Work required:
Return verbatim the line containing "#59=EDGE_CURVE('E47',#58,#58,#56,.T.);" together with all lines that follow it, through the end of the records.

Available data:
----

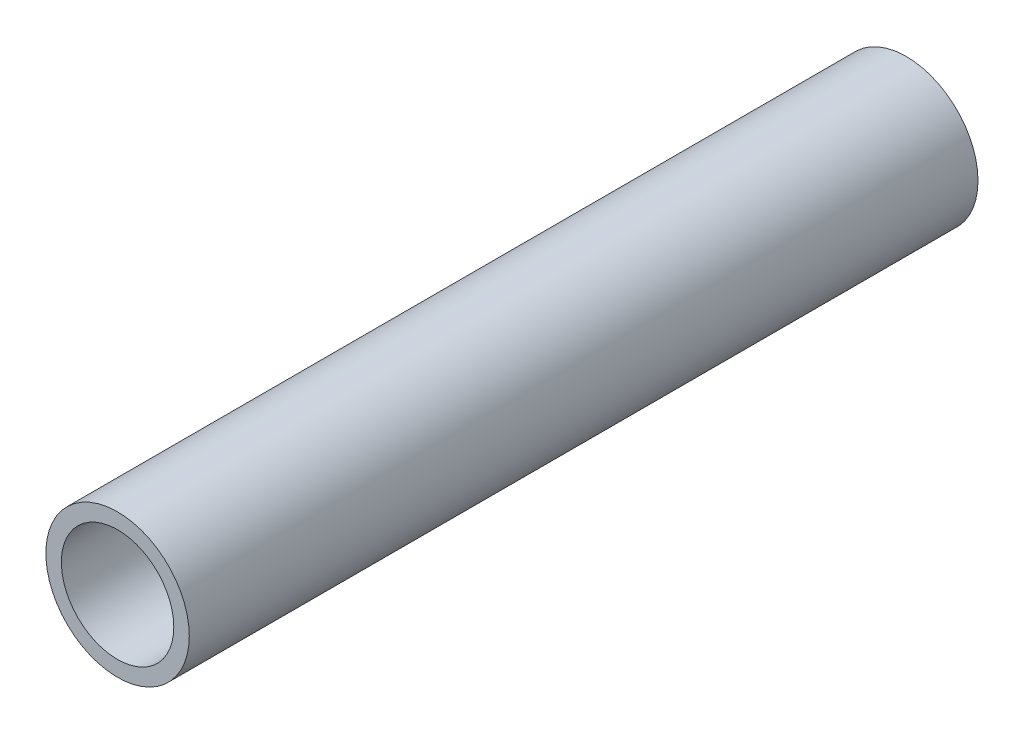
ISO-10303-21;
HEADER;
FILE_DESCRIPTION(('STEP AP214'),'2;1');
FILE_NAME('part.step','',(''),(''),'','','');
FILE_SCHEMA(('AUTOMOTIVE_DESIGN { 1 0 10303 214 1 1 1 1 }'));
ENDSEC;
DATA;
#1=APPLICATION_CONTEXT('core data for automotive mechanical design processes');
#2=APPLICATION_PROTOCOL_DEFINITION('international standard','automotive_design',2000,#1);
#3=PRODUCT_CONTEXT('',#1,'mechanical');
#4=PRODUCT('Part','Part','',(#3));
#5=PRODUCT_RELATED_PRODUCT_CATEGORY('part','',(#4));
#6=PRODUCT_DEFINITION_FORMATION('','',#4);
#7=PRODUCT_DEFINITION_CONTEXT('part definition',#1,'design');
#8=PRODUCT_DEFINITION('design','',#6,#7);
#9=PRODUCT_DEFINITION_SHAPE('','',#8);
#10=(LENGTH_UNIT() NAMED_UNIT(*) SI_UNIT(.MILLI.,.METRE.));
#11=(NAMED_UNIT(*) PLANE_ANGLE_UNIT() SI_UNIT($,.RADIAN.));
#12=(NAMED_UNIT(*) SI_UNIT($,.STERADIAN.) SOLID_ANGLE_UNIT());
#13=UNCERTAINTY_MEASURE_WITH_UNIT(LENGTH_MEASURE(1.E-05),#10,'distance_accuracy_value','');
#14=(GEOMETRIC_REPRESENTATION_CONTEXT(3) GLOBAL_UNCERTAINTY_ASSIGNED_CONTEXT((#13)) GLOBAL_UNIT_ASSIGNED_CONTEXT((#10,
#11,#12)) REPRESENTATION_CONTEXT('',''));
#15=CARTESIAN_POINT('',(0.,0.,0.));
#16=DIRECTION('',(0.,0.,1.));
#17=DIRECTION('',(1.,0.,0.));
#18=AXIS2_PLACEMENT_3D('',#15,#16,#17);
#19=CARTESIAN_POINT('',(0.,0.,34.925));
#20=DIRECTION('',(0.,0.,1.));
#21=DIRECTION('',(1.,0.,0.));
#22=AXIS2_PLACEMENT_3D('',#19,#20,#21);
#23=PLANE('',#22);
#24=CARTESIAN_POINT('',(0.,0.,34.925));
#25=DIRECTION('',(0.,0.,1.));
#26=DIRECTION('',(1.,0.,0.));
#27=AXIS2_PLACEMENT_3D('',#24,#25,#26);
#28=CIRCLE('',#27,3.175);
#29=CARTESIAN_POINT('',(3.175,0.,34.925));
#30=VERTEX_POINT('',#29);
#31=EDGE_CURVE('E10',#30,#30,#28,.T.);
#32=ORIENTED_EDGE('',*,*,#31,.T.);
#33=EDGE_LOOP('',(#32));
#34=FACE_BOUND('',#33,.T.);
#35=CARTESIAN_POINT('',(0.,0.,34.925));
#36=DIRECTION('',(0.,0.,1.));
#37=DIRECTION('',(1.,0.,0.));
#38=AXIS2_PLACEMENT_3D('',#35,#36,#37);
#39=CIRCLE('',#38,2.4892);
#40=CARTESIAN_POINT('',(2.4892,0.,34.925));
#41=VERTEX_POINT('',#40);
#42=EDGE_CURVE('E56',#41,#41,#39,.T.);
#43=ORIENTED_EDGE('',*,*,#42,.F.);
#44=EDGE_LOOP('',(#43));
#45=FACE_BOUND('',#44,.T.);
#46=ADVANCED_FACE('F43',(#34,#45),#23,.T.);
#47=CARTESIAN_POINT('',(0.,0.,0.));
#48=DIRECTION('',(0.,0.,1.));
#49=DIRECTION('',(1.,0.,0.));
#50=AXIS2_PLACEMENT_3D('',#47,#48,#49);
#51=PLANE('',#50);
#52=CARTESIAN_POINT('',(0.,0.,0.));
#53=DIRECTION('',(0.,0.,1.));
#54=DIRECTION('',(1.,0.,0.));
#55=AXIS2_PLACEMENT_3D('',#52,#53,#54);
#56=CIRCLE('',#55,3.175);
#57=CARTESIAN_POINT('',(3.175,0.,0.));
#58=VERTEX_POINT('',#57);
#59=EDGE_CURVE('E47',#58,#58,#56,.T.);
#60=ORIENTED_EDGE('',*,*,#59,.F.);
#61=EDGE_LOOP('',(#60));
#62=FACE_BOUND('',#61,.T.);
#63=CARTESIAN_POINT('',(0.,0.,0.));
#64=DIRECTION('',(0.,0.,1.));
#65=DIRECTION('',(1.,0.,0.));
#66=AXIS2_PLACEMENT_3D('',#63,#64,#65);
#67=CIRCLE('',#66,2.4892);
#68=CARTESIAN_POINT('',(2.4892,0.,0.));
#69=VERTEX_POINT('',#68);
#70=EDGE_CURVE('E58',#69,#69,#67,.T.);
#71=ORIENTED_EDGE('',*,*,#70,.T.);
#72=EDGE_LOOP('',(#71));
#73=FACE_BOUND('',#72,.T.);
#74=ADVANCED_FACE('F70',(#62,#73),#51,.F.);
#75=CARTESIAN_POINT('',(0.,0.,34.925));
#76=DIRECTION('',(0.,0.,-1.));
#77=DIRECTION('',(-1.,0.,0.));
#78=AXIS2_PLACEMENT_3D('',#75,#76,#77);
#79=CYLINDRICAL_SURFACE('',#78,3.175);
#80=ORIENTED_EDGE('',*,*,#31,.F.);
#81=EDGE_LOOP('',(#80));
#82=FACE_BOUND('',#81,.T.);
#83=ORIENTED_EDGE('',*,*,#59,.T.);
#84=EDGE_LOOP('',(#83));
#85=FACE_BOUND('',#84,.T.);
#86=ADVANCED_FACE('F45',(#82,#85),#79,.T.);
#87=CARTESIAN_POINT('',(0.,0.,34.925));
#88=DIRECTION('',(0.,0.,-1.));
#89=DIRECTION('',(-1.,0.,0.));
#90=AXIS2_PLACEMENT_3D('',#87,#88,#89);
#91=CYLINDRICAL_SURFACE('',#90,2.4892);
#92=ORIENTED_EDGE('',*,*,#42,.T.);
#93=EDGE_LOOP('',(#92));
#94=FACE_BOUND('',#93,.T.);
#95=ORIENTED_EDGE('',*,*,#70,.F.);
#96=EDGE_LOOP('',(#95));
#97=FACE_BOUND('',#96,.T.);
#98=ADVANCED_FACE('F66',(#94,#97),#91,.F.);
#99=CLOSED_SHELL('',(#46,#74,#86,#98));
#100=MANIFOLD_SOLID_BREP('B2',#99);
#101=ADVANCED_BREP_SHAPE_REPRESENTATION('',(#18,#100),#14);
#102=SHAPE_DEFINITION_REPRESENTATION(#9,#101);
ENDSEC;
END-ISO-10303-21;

----

Completed task:
#59=EDGE_CURVE('E47',#58,#58,#56,.T.);
#60=ORIENTED_EDGE('',*,*,#59,.F.);
#61=EDGE_LOOP('',(#60));
#62=FACE_BOUND('',#61,.T.);
#63=CARTESIAN_POINT('',(0.,0.,0.));
#64=DIRECTION('',(0.,0.,1.));
#65=DIRECTION('',(1.,0.,0.));
#66=AXIS2_PLACEMENT_3D('',#63,#64,#65);
#67=CIRCLE('',#66,2.4892);
#68=CARTESIAN_POINT('',(2.4892,0.,0.));
#69=VERTEX_POINT('',#68);
#70=EDGE_CURVE('E58',#69,#69,#67,.T.);
#71=ORIENTED_EDGE('',*,*,#70,.T.);
#72=EDGE_LOOP('',(#71));
#73=FACE_BOUND('',#72,.T.);
#74=ADVANCED_FACE('F70',(#62,#73),#51,.F.);
#75=CARTESIAN_POINT('',(0.,0.,34.925));
#76=DIRECTION('',(0.,0.,-1.));
#77=DIRECTION('',(-1.,0.,0.));
#78=AXIS2_PLACEMENT_3D('',#75,#76,#77);
#79=CYLINDRICAL_SURFACE('',#78,3.175);
#80=ORIENTED_EDGE('',*,*,#31,.F.);
#81=EDGE_LOOP('',(#80));
#82=FACE_BOUND('',#81,.T.);
#83=ORIENTED_EDGE('',*,*,#59,.T.);
#84=EDGE_LOOP('',(#83));
#85=FACE_BOUND('',#84,.T.);
#86=ADVANCED_FACE('F45',(#82,#85),#79,.T.);
#87=CARTESIAN_POINT('',(0.,0.,34.925));
#88=DIRECTION('',(0.,0.,-1.));
#89=DIRECTION('',(-1.,0.,0.));
#90=AXIS2_PLACEMENT_3D('',#87,#88,#89);
#91=CYLINDRICAL_SURFACE('',#90,2.4892);
#92=ORIENTED_EDGE('',*,*,#42,.T.);
#93=EDGE_LOOP('',(#92));
#94=FACE_BOUND('',#93,.T.);
#95=ORIENTED_EDGE('',*,*,#70,.F.);
#96=EDGE_LOOP('',(#95));
#97=FACE_BOUND('',#96,.T.);
#98=ADVANCED_FACE('F66',(#94,#97),#91,.F.);
#99=CLOSED_SHELL('',(#46,#74,#86,#98));
#100=MANIFOLD_SOLID_BREP('B2',#99);
#101=ADVANCED_BREP_SHAPE_REPRESENTATION('',(#18,#100),#14);
#102=SHAPE_DEFINITION_REPRESENTATION(#9,#101);
ENDSEC;
END-ISO-10303-21;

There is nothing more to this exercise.